Current flowing from left to right

Some version of this shot will probably end up on FotoFeed next week. I took so many great pictures in that last hour of light on Sunday… But speaking of this image, if you do take a look at the last few days of FotoFeed — say, today’s photo and then go back a few — you can actually map out and follow the cold, damp river of air that’s blowing from left to right by seeing where these low clouds are going. In fact, in yesterday’s picture, some of this same surface condensation is being whipped over the peak, where the wind velocity is much stronger.

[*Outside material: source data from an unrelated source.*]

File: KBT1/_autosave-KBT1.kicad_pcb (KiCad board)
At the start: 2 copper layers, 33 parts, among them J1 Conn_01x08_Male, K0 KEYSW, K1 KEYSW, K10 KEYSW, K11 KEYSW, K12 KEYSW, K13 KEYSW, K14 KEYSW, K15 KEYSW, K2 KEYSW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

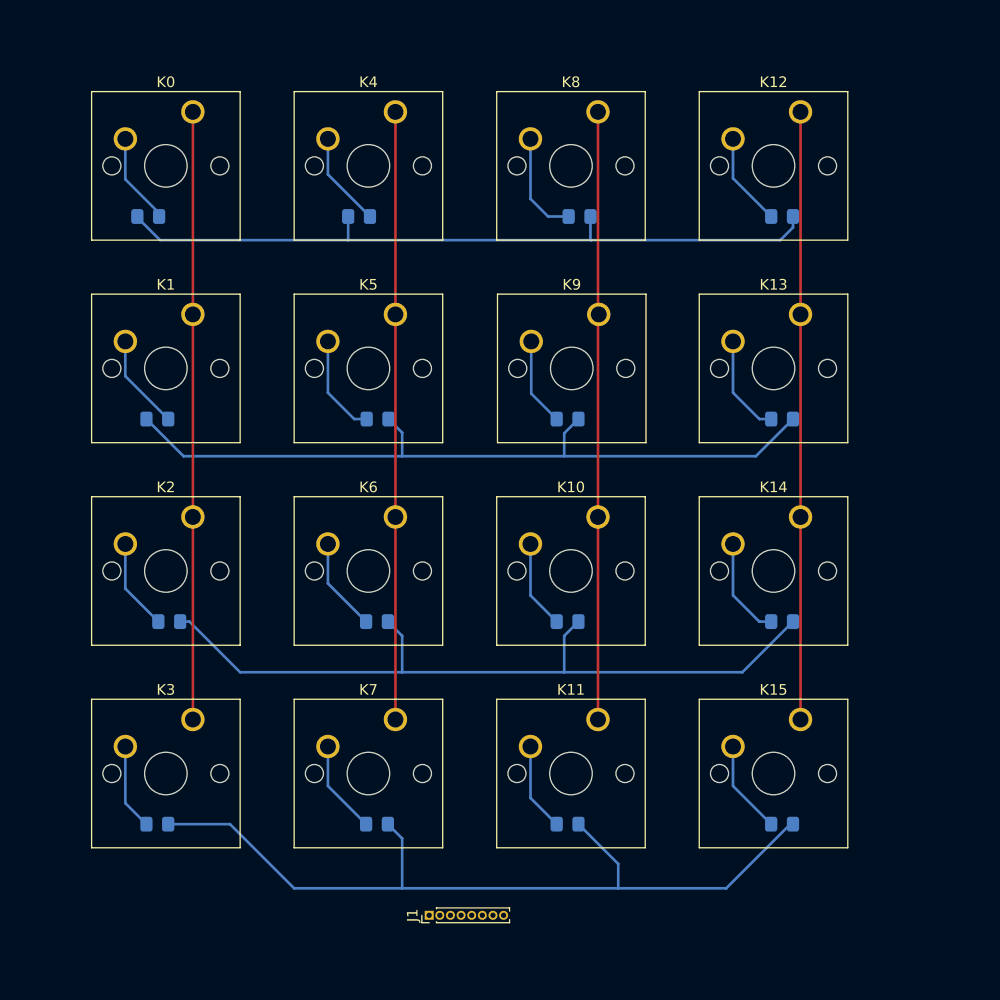
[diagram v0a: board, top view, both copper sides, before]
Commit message: added board outline, added missing trace
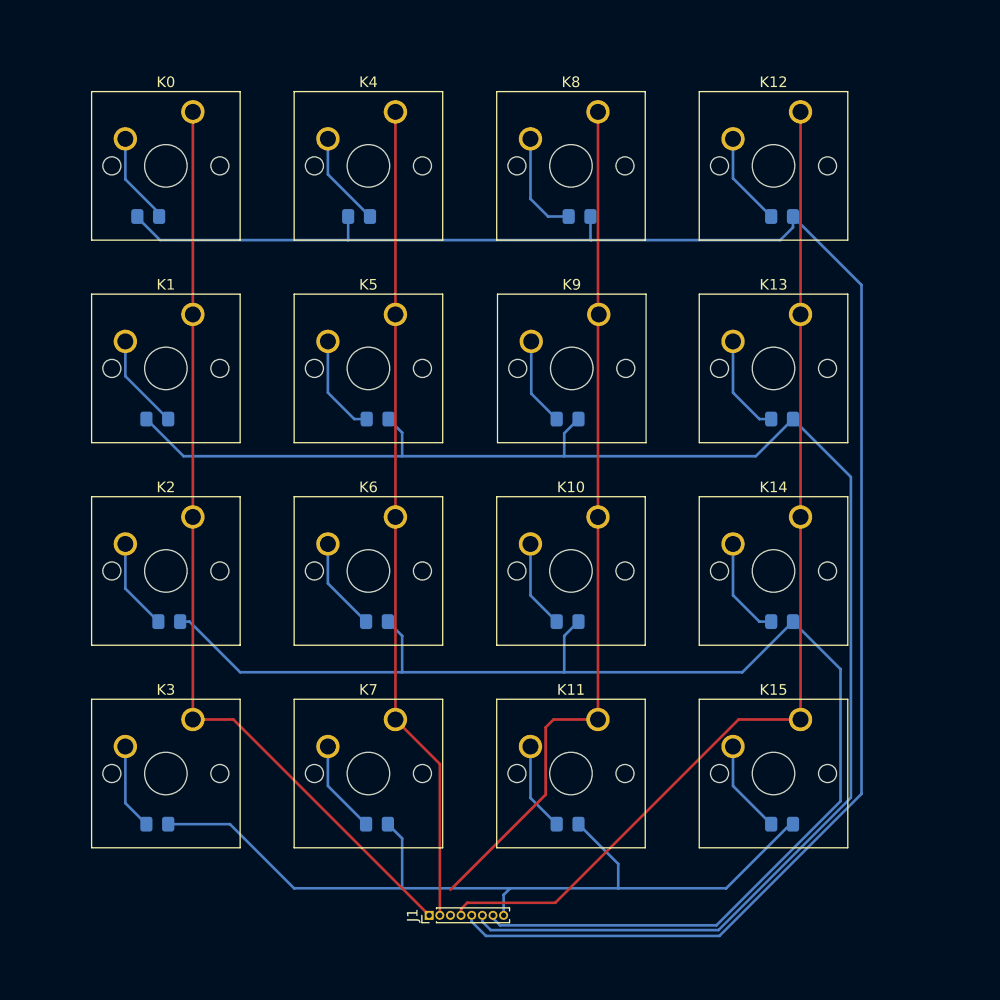
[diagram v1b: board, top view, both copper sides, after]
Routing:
- net /row0: track 68.6 -> 169.0 mm
- net /row1: track 71.8 -> 150.4 mm
- net /row2: track 72.2 -> 129.0 mm
- net /col3: track 58.0 -> 98.0 mm
- net /col0: track 57.1 -> 87.0 mm
- net /col2: track 57.1 -> 81.4 mm
- net /col1: track 57.1 -> 77.3 mm
- net /row3: track 77.9 -> 80.7 mm
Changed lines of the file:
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@@
   (segment (start 45.72 35.56) (end 68.58 35.56) (width 0.25) (layer "B.Cu") (net 2))
   (segment (start 68.58 35.56) (end 86.36 35.56) (width 0.25) (layer "B.Cu") (net 2))
+  (segment (start 57.34 99.66104) (end 58.67896 101) (width 0.25) (layer "B.Cu") (net 2))
   (segment (start 25.89 33.3375) (end 25.89 33.42375) (width 0.25) (layer "B.Cu") (net 2))
+  (segment (start 80.636396 101) (end 94 87.636396) (width 0.25) (layer "B.Cu") (net 2))
   (segment (start 28.02625 35.56) (end 45.72 35.56) (width 0.25) (layer "B.Cu") (net 2))
   (segment (start 25.89 33.42375) (end 28.02625 35.56) (width 0.25) (layer "B.Cu") (net 2))
   (segment (start 87.55625 34.36375) (end 87.55625 33.3375) (width 0.25) (layer "B.Cu") (net 2))
   (segment (start 68.50625 35.48625) (end 68.58 35.56) (width 0.25) (layer "B.Cu") (net 2))
+  (segment (start 57.34 99.06) (end 57.34 99.66104) (width 0.25) (layer "B.Cu") (net 2))
+  (segment (start 94 87.636396) (end 94 39.78125) (width 0.25) (layer "B.Cu") (net 2))
   (segment (start 68.50625 33.3375) (end 68.50625 35.48625) (width 0.25) (layer "B.Cu") (net 2))
   (segment (start 86.36 35.56) (end 87.55625 34.36375) (width 0.25) (layer "B.Cu") (net 2))
   (segment (start 45.72 33.3375) (end 45.72 35.56) (width 0.25) (layer "B.Cu") (net 2))
+  (segment (start 94 39.78125) (end 87.55625 33.3375) (width 0.25) (layer "B.Cu") (net 2))
+  (segment (start 58.67896 101) (end 80.636396 101) (width 0.25) (layer "B.Cu") (net 2))
   (segment (start 24.765 48.35875) (end 24.765 45.085) (width 0.25) (layer "B.Cu") (net 3))
   (segment (start 28.79375 52.3875) (end 24.765 48.35875) (width 0.25) (layer "B.Cu") (net 3))
@@
   (segment (start 49.5125 52.3875) (end 50.8 53.675) (width 0.25) (layer "B.Cu") (net 4))
   (segment (start 87.55625 52.3875) (end 84.06375 55.88) (width 0.25) (layer "B.Cu") (net 4))
+  (segment (start 59.12896 100.45) (end 80.55 100.45) (width 0.25) (layer "B.Cu") (net 4))
   (segment (start 50.8 53.675) (end 50.8 55.88) (width 0.25) (layer "B.Cu") (net 4))
+  (segment (start 58.34 99.06) (end 58.34 99.66104) (width 0.25) (layer "B.Cu") (net 4))
+  (segment (start 93 57.83125) (end 87.55625 52.3875) (width 0.25) (layer "B.Cu") (net 4))
   (segment (start 67.38125 52.3875) (end 66.04 53.72875) (width 0.25) (layer "B.Cu") (net 4))
   (segment (start 84.06375 55.88) (end 30.23625 55.88) (width 0.25) (layer "B.Cu") (net 4))
+  (segment (start 93 88) (end 93 57.83125) (width 0.25) (layer "B.Cu") (net 4))
+  (segment (start 80.55 100.45) (end 93 88) (width 0.25) (layer "B.Cu") (net 4))
   (segment (start 66.04 53.72875) (end 66.04 55.88) (width 0.25) (layer "B.Cu") (net 4))
+  (segment (start 58.34 99.66104) (end 59.12896 100.45) (width 0.25) (layer "B.Cu") (net 4))
   (segment (start 24.765 68.33375) (end 24.765 64.135) (width 0.25) (layer "B.Cu") (net 5))
   (segment (start 27.86875 71.4375) (end 24.765 68.33375) (width 0.25) (layer "B.Cu") (net 5))
+  (segment (start 80.363604 100) (end 92.030001 88.333603) (width 0.25) (layer "B.Cu") (net 6))
+  (segment (start 59.34 99.34) (end 60 100) (width 0.25) (layer "B.Cu") (net 6))
   (segment (start 49.45625 71.4375) (end 50.8 72.78125) (width 0.25) (layer "B.Cu") (net 6))
   (segment (start 67.38125 71.4375) (end 66.04 72.77875) (width 0.25) (layer "B.Cu") (net 6))
   (segment (start 66.04 72.77875) (end 66.04 76.2) (width 0.25) (layer "B.Cu") (net 6))
   (segment (start 35.56 76.2) (end 82.79375 76.2) (width 0.25) (layer "B.Cu") (net 6))
+  (segment (start 92.030001 75.911251) (end 87.55625 71.4375) (width 0.25) (layer "B.Cu") (net 6))
   (segment (start 82.79375 76.2) (end 87.55625 71.4375) (width 0.25) (layer "B.Cu") (net 6))
+  (segment (start 92.030001 88.333603) (end 92.030001 75.911251) (width 0.25) (layer "B.Cu") (net 6))
   (segment (start 30.7975 71.4375) (end 35.56 76.2) (width 0.25) (layer "B.Cu") (net 6))
+  (segment (start 59.34 99.06) (end 59.34 99.34) (width 0.25) (layer "B.Cu") (net 6))
+  (segment (start 60 100) (end 80.363604 100) (width 0.25) (layer "B.Cu") (net 6))
   (segment (start 50.8 72.78125) (end 50.8 76.2) (width 0.25) (layer "B.Cu") (net 6))
   (segment (start 29.91875 71.4375) (end 30.7975 71.4375) (width 0.25) (layer "B.Cu") (net 6))
   (segment (start 24.765 83.185) (end 24.765 88.50875) (width 0.25) (layer "B.Cu") (net 7))
   (segment (start 24.765 88.50875) (end 26.74375 90.4875) (width 0.25) (layer "B.Cu") (net 7))
-  (segment (start 81.28 96.52) (end 40.64 96.52) (width 0.25) (layer "B.Cu") (net 8))
   (segment (start 87.3125 90.4875) (end 81.28 96.52) (width 0.25) (layer "B.Cu") (net 8))
   (segment (start 50.8 91.83125) (end 50.8 96.52) (width 0.25) (layer "B.Cu") (net 8))
@@
   (segment (start 49.45625 90.4875) (end 50.8 91.83125) (width 0.25) (layer "B.Cu") (net 8))
   (segment (start 71.12 94.22625) (end 71.12 96.52) (width 0.25) (layer "B.Cu") (net 8))
+  (segment (start 81.28 96.52) (end 60.96 96.52) (width 0.25) (layer "B.Cu") (net 8))
+  (segment (start 60.96 96.52) (end 40.64 96.52) (width 0.25) (layer "B.Cu") (net 8))
+  (segment (start 60.34 99.06) (end 60.34 97.14) (width 0.25) (layer "B.Cu") (net 8))
+  (segment (start 60.34 97.14) (end 60.96 96.52) (width 0.25) (layer "B.Cu") (net 8))
   (segment (start 34.6075 90.4875) (end 28.79375 90.4875) (width 0.25) (layer "B.Cu") (net 8))
   (segment (start 47.77 33.3375) (end 43.815 29.3825) (width 0.25) (layer "B.Cu") (net 9))
@@
   (segment (start 81.915 86.89625) (end 81.915 83.185) (width 0.25) (layer "B.Cu") (net 20))
   (segment (start 85.50625 90.4875) (end 81.915 86.89625) (width 0.25) (layer "B.Cu") (net 20))
+  (segment (start 34.925 80.645) (end 53.34 99.06) (width 0.25) (layer "F.Cu") (net 21))
+  (segment (start 31.115 80.645) (end 34.925 80.645) (width 0.25) (layer "F.Cu") (net 21))
   (segment (start 31.115 23.495) (end 31.115 80.645) (width 0.25) (layer "F.Cu") (net 21))
   (segment (start 50.165 23.495) (end 50.165 80.645) (width 0.25) (layer "F.Cu") (net 22))
+  (segment (start 54.34 84.82) (end 54.34 99.06) (width 0.25) (layer "F.Cu") (net 22))
+  (segment (start 50.165 80.645) (end 54.34 84.82) (width 0.25) (layer "F.Cu") (net 22))
+  (segment (start 65.037484 80.645) (end 64.299999 81.382485) (width 0.25) (layer "F.Cu") (net 23))
   (segment (start 69.215 23.495) (end 69.215 80.645) (width 0.25) (layer "F.Cu") (net 23))
+  (segment (start 64.299999 87.700001) (end 55.34 96.66) (width 0.25) (layer "F.Cu") (net 23))
+  (segment (start 64.299999 81.382485) (end 64.299999 87.700001) (width 0.25) (layer "F.Cu") (net 23))
+  (segment (start 69.215 80.645) (end 65.037484 80.645) (width 0.25) (layer "F.Cu") (net 23))
+  (segment (start 88.265 80.645) (end 82.439745 80.645) (width 0.25) (layer "F.Cu") (net 24))
+  (segment (start 56.918296 97.880664) (end 56.34 98.45896) (width 0.25) (layer "F.Cu") (net 24))
   (segment (start 88.265 23.495) (end 88.9 22.86) (width 0.25) (layer "F.Cu") (net 24))
   (segment (start 88.265 23.495) (end 88.265 80.645) (width 0.25) (layer "F.Cu") (net 24))
+  (segment (start 56.34 98.45896) (end 56.34 99.06) (width 0.25) (layer "F.Cu") (net 24))
+  (segment (start 82.439745 80.645) (end 65.204081 97.880664) (width 0.25) (layer "F.Cu") (net 24))
+  (segment (start 65.204081 97.880664) (end 56.918296 97.880664) (width 0.25) (layer "F.Cu") (net 24))
 )

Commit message: increased header size
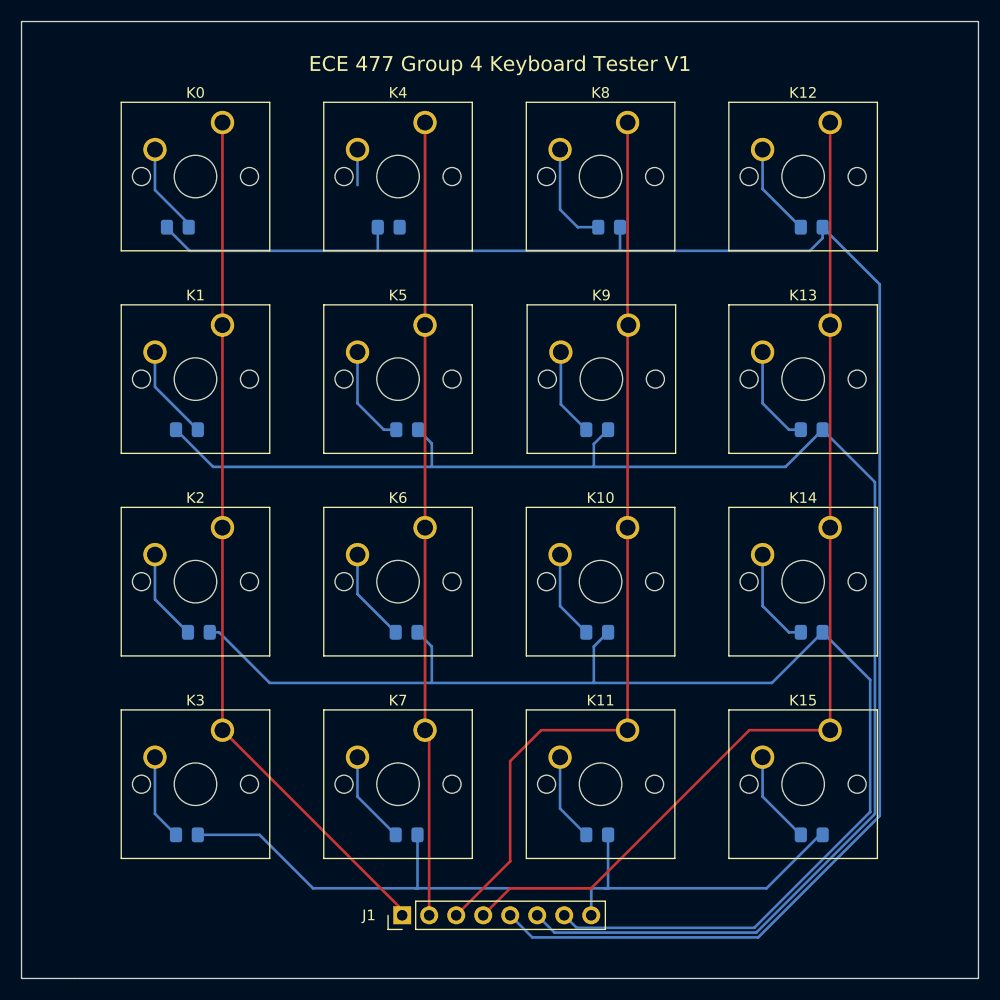
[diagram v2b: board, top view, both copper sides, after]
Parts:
- J1: footprint Connector_PinHeader_1.00mm:PinHeader_1x08_P1.00mm_Vertical -> Connector_PinHeader_2.54mm:PinHeader_1x08_P2.54mm_Vertical
- moved D8 2.96 mm to (51.2, 91.5)
- moved K7 2.96 mm to (53.0, 81.7)
- moved D5 2.96 mm to (49.5, 34.3)
- moved K6 2.96 mm to (53.0, 62.6)
- moved K4 2.96 mm to (53.0, 24.5)
- moved D4 2.96 mm to (30.6, 91.5)
- moved K3 2.96 mm to (33.9, 81.7)
- moved D6 2.96 mm to (51.3, 53.4)
- moved D7 2.96 mm to (51.2, 72.4)
- moved K5 2.96 mm to (53.0, 43.5)
- moved D1 2.96 mm to (29.7, 34.3)
- moved K2 2.96 mm to (33.9, 62.6)
- moved D12 2.96 mm to (69.1, 91.5)
- moved D16 2.96 mm to (89.3, 91.5)
- moved K0 2.96 mm to (33.9, 24.5)
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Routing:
- net Net-(D5-Pad2): track 9.84 -> 4.25 mm
- net /col0: track 87.0 -> 81.6 mm
- net /row3: track 80.7 -> 76.0 mm
- net /col2: track 81.4 -> 86.0 mm
- net /row2: track 129.0 -> 124.7 mm
- net /row1: track 150.4 -> 147.0 mm
- net /col1: track 77.3 -> 74.7 mm
- net /row0: track 169.0 -> 166.6 mm
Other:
- board outline added: 90 x 90 mm
- board text added: "ECE 477 Group 4 Keyboard Tester V1"

I can do this all day, watch this motion. In the summer the wind blows clouds down along the tops of the Sangre de Cristos until they get to Llano Quemado and Picuris Peak beyond. Here the main current of air appears to form a giant eddy, where one can watch huge clouds slowly moving in what appear to be opposite directions at the same altitude. They’re really going in a spiral though, and I have sat outside transfixed, watching these same clouds evaporate rapidly and disappear before my eyes as they circle in the fierce sun and 10 percent humidity.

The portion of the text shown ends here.